Il 12 agosto a Londra Summit sulla fame nel mondo
Riprende a crescere nel mondo il numero di bambini che soffrono la fame, con 1.500.000 bambini colpiti da malnutrizione acuta in più fra il 2005 e il 2010 rispetto agli anni precedenti. In totale sono 58.7 milioni i bambini gravemente malnutriti. Un dato che rischia di compromettere i significativi progressi fatti finora rispetto a tutti gli altri principali indicatori relativi alla salute e benessere
infantile, come la mortalità infantile e l’accesso a scuola.
E’ quanto emerge dall’Indice sullo sviluppo infantile redatto da Save the Children e i cui dati sono stati diffusi alla vigilia del Summit Olimpico sulla Fame promosso dal governo britannico in chiusura dei Giochi il 12 agosto. Secondo il nuovo rapporto di Save the
Children, la malnutrizione infantile – concausa di circa 1 terzo delle morti entro i primi 5 anni, cioe’ di 2.500.000 decessi infantili – resta un problema acuto e che non arretra, anzi peggiora, a differenza di altri indicatori del benessere infantile che hanno conosciuto negli ultimi anni notevoli progressi: l’Indice infatti segnala una riduzione del 30% della mortalità infantile nei Paesi in via di sviluppo (tra la seconda metà degli anni ’90 e la seconda metà degli anni 2000) e un aumento del 40% del numero di bambini iscritti alla scuola primaria nello stesso lasso di tempo.

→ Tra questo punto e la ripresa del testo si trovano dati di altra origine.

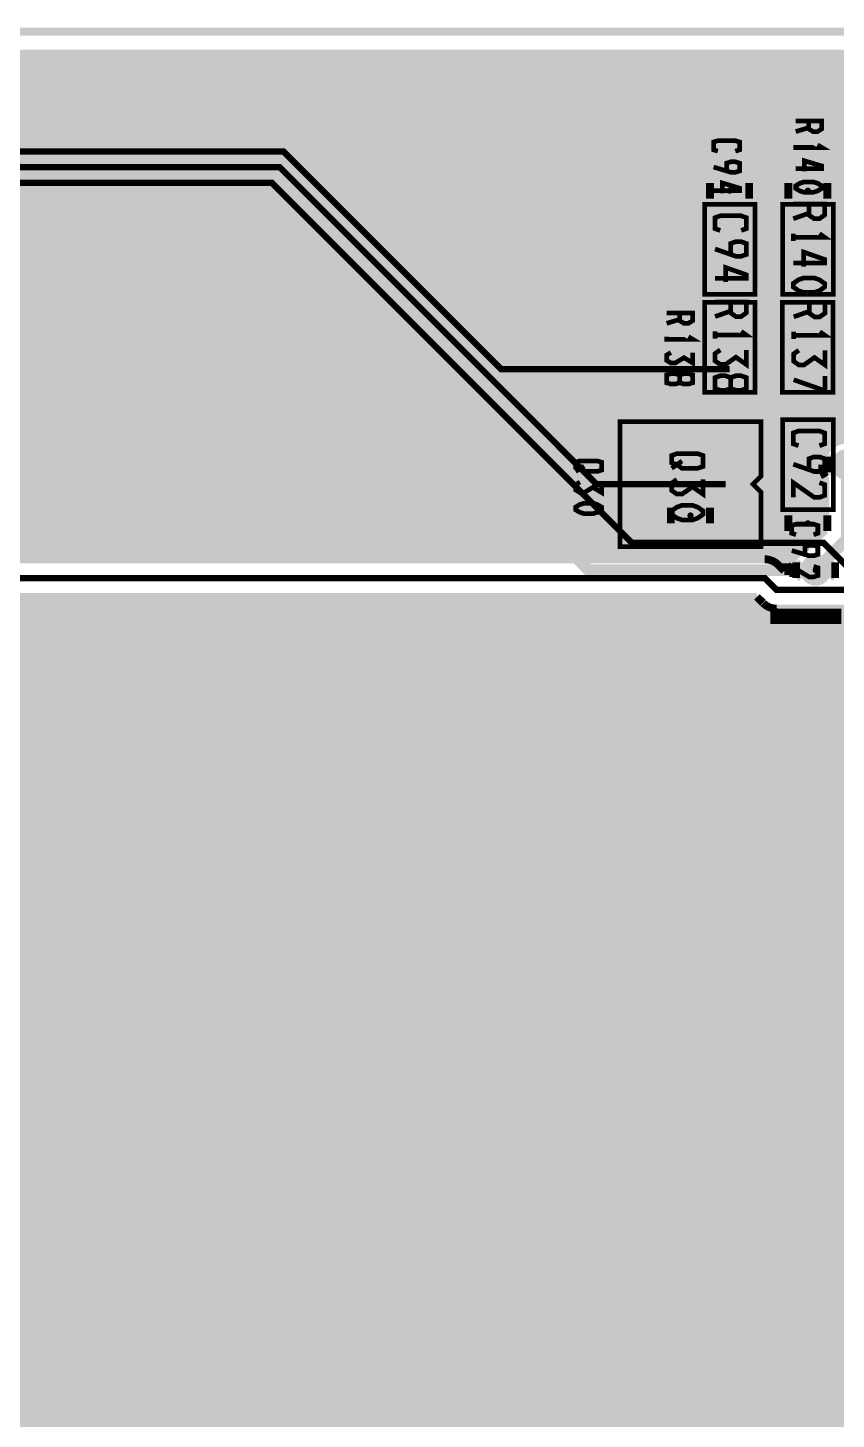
# Model space of a CAD drawing. Extents: x -10 to 131, y -93 to 209.
# Drawn here: x 60.4 to 86.65, y 163.96 to 209.12 of the extents above; entities that cross this region are included whole.
import ezdxf

# ---------------------------------------------------------------- set-up
doc = ezdxf.new("R2010")
doc.units = 0
doc.header["$MEASUREMENT"] = 0
doc.layers.get('0').update_dxf_attribs({"linetype": 'CONTINUOUS'})
for name, color, linetype in [('22-303-0_ASB', 7, 'CONTINUOUS'), ('22-303-0_AST', 7, 'CONTINUOUS'), ('22-303-0_BOT', 2, 'CONTINUOUS'), ('22-303-0_DRD', 6, 'CONTINUOUS'), ('22-303-0_DRL', 1, 'CONTINUOUS'), ('22-303-0_GND', 3, 'CONTINUOUS'), ('22-303-0_IN1', 10, 'CONTINUOUS'), ('22-303-0_SMT', 9, 'CONTINUOUS'), ('22-303-0_SPT', 11, 'CONTINUOUS'), ('22-303-0_SST', 8, 'CONTINUOUS'), ('22-303-0_TOP', 15, 'CONTINUOUS'), ('THRUHOLE_TAP', 2, 'CONTINUOUS')]:
    doc.layers.add(name, color=color, linetype=linetype)

# ---------------------------------------------------------------- blocks, each defined once
blk = doc.blocks.new('ROUND_70')
at = {"const_width": 0.29972}
blk.add_lwpolyline([(-0.14986, 0, 1), (0.14986, 0, 1)], format="xyb", close=True, dxfattribs=at)
blk = doc.blocks.new('ROUND_75')
at = {"const_width": 0.29972}
blk.add_lwpolyline([(-0.14986, 0, 1), (0.14986, 0, 1)], format="xyb", close=True, dxfattribs=at)
blk = doc.blocks.new('ROUND_117')
at = {"const_width": 0.10033}
blk.add_lwpolyline([(-0.050164, 0, 1), (0.050164, 0, 1)], format="xyb", close=True, dxfattribs=at)
blk = doc.blocks.new('ROUND_100')
at = {"const_width": 0.50038}
blk.add_lwpolyline([(-0.25019, 0, 1), (0.25019, 0, 1)], format="xyb", close=True, dxfattribs=at)
blk = doc.blocks.new('ROUND_101')
at = {"const_width": 0.0635}
blk.add_lwpolyline([(-0.03175, 0, 1), (0.03175, 0, 1)], format="xyb", close=True, dxfattribs=at)
blk = doc.blocks.new('RECTANGLE_3')
blk.add_solid([(0.4826, 0.4064), (0.4826, -0.4064), (-0.4826, 0.4064), (-0.4826, -0.4064)])
blk = doc.blocks.new('RECTANGLE_17')
blk.add_solid([(0.635, 0.508), (0.635, -0.508), (-0.635, 0.508), (-0.635, -0.508)])
blk = doc.blocks.new('ROUND_108')
at = {"const_width": 0.10033}
blk.add_lwpolyline([(-0.050164, 0, 1), (0.050164, 0, 1)], format="xyb", close=True, dxfattribs=at)

msp = doc.modelspace()

# ---------------------------------------------------------------- linework, layer by layer
at = {"layer": '22-303-0_ASB', "const_width": 0.254}
msp.add_lwpolyline([(111.00054, 208.99374), (111.00054, 198.99376), (116.0018, 198.99376), (116.0018, 208.99374), (130.50012, 208.99374), (130.50012, -31.00578), (-9.4996, -31.00578), (-9.4996, 208.99374), (111.00054, 208.99374)], dxfattribs=at)
at = {"layer": '22-303-0_AST'}
for points, const_width in [([(111.00054, 208.99374), (111.00054, 198.99376), (116.0018, 198.99376), (116.0018, 208.99374), (130.50012, 208.99374), (130.50012, -31.00578), (-9.4996, -31.00578), (-9.4996, 208.99374), (111.00054, 208.99374)], 0.254), ([(84.0105, 200.4695), (84.0105, 203.3905), (82.3722, 203.3905), (82.3722, 200.4695), (84.0105, 200.4695)], 0.1524), ([(86.5505, 200.4695), (86.5505, 203.3905), (84.9122, 203.3905), (84.9122, 200.4695), (86.5505, 200.4695)], 0.1524), ([(85.76056, 203.40066), (85.76056, 203.04506), (85.93074, 202.92568), (86.10092, 202.92568), (86.26856, 203.04506), (86.26856, 203.40066), (85.25256, 203.40066)], 0.1524), ([(82.88274, 202.54468), (82.71256, 202.6031), (82.71256, 202.9587), (82.88274, 203.01966), (83.56092, 203.01966), (83.72856, 202.9587), (83.72856, 202.6031), (83.56092, 202.54468)], 0.1524), ([(85.76056, 203.10348), (85.25256, 202.92568)], 0.1524), ([(85.25256, 202.20686), (85.25256, 202.44308)], 0.1524), ([(85.25256, 202.3237), (86.26856, 202.3237), (86.10092, 202.44308)], 0.1524), ([(83.22056, 201.7649), (83.22056, 202.1205), (83.39074, 202.18146), (83.56092, 202.18146), (83.72856, 202.1205), (83.72856, 201.7649), (83.56092, 201.70648), (83.39074, 201.70648), (82.71256, 201.9427)], 0.1524), ([(85.59292, 201.36866), (85.59292, 201.8411), (86.26856, 201.60488), (86.26856, 201.4855), (85.25256, 201.4855)], 0.1524), ([(83.05292, 200.86828), (83.05292, 201.34326), (83.72856, 201.1045), (83.72856, 200.98766), (82.71256, 200.98766)], 0.1524), ([(85.25256, 200.8251), (85.42274, 200.94448), (85.59292, 201.0029), (85.93074, 201.0029), (86.10092, 200.94448), (86.26856, 200.8251), (86.26856, 200.70826), (86.10092, 200.58888), (85.93074, 200.53046), (85.59292, 200.53046), (85.42274, 200.58888), (85.25256, 200.70826), (85.25256, 200.8251)], 0.1524), ([(84.0105, 197.2945), (84.0105, 200.2155), (82.3722, 200.2155), (82.3722, 197.2945), (84.0105, 197.2945)], 0.1524), ([(83.22056, 200.22566), (83.22056, 199.87006), (83.39074, 199.75068), (83.56092, 199.75068), (83.72856, 199.87006), (83.72856, 200.22566), (82.71256, 200.22566)], 0.1524), ([(84.8995, 200.2155), (84.8995, 197.2945), (86.5378, 197.2945), (86.5378, 200.2155), (84.8995, 200.2155)], 0.1524), ([(85.77326, 200.21296), (85.77326, 199.85736), (85.9409, 199.74052), (86.11108, 199.74052), (86.28126, 199.85736), (86.28126, 200.21296), (85.26526, 200.21296)], 0.1524), ([(83.22056, 199.92848), (82.71256, 199.75068)], 0.1524), ([(85.77326, 199.91832), (85.26526, 199.74052)], 0.1524), ([(82.71256, 199.03186), (82.71256, 199.26808)], 0.1524), ([(82.71256, 199.1487), (83.72856, 199.1487), (83.56092, 199.26808)], 0.1524), ([(85.26526, 199.01916), (85.26526, 199.25792)], 0.1524), ([(85.26526, 199.13854), (86.28126, 199.13854), (86.11108, 199.25792)], 0.1524), ([(82.88274, 198.6661), (82.71256, 198.54926), (82.71256, 198.3105), (82.88274, 198.19366), (83.05292, 198.19366), (83.39074, 198.42988), (83.72856, 198.19366), (83.72856, 198.6661)], 0.1524), ([(85.4329, 198.65594), (85.26526, 198.53656), (85.26526, 198.30034), (85.4329, 198.18096), (85.60308, 198.18096), (85.9409, 198.41972), (86.28126, 198.18096), (86.28126, 198.65594)], 0.1524), ([(83.22056, 197.41388), (83.39074, 197.35546), (83.56092, 197.35546), (83.72856, 197.41388), (83.72856, 197.76948), (83.56092, 197.8279), (83.39074, 197.8279), (83.22056, 197.76948), (83.22056, 197.41388), (83.05292, 197.35546), (82.88274, 197.35546), (82.71256, 197.41388), (82.71256, 197.76948), (82.88274, 197.8279), (83.05292, 197.8279), (83.22056, 197.76948)], 0.1524), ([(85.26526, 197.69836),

Analoghi progressi invece non si registrano nella nutrizione. Anzi tra gli anni 2005 e il 2010 il tasso di bambini malnutriti nei paesi in via di sviluppo e’ cresciuto dell’1,2%. n “E’ un dato purtroppo destinato a crescere a seguito della drammatica crisi alimentare che ha
investito e tuttora sta investendo ampie zone dell’Africa, dai paesi del Corno d’Africa – soprattutto la Somalia – a tutta l’area del Sahel e a cui si aggiunge il problema dell’alta volatilità dei prezzi di cibo e carburante, che impediscono di fatto alle famiglie in difficoltà di garantire un’alimentazione appropriata ai più piccoli.
L’ aumento sensibile del numero di bambini affetti da malnutrizione cronica minaccia tutti i risultati raggiunti finora nel contrasto della mortalità infantile e nell’accesso a scuola di un numero maggiore di bambini”, commenta Filippo Ungaro, responsabile Comunicazione e Campagne Save the Children Italia.
L’Indice conferma all’ultimo posto della classifica la Somalia, il peggior posto dove essere bambini. Non agli ultimi posti della classifica ma scesa di ben 52 posizioni è la Palestina, passata dalla 26esima posizione alla 78esima a causa della drastica diminuzione di bambini iscritti a scuola per la mancanza di classi e l’impossibilità di costruirne di nuove da quando e’ intervenuto il blocco nei territori.
Il Giappone è invece in cima alla classifica e rappresenta il miglior luogo al mondo per i più piccoli. L’Italia si colloca in quarta posizione, preceduta da Germania e Spagna. “Non possiamo accettare l’idea – prosegue Ungaro – che siano compromessi i miglioramenti fin qui ottenuti. La malnutrizione va combattuta con lo stesso impegno messo nel garantire un maggiore accesso all’istruzione per i bambini e nella lotta alle altre cause di mortalita’ infantile. Per questo chiediamo ai capi di Stato delle maggiori nazioni invitati al summit olimpico sulla fame di costruire sui progressi già compiuti per porre fine alla fame e malnutrizione infantile e garantire che questa fondamentale e improcrastinabile questione sia il tema centrale del G8 del prossimo anno in Gran Bretagna”:
Save the Children in particolare chiede ai leader mondiali di: utilizzare la presidenza inglese del G8 per porre in cima alla loro agenda per tutti il 2013 il tema della fame nel mondo, avendo come punto di partenza la Nuova alleanza per la sicurezza alimentare e la nutrizione del G8 di Camp David; di fare fronte agli urgenti bisogni alimentari della popolazione africana dove 28 milioni di persone stanno soffrendo di malnutrizione acuta; di stabilire obiettivi nazionali e internazionali per abbassare sensibilmente il numero di bambini malnutriti cronici contribuendo ad intensificare l’azione politica contro la fame; di riparare un sistema umanitario che non funziona e in cui il lento rilascio di fondi produce perdita di soldi e di vite.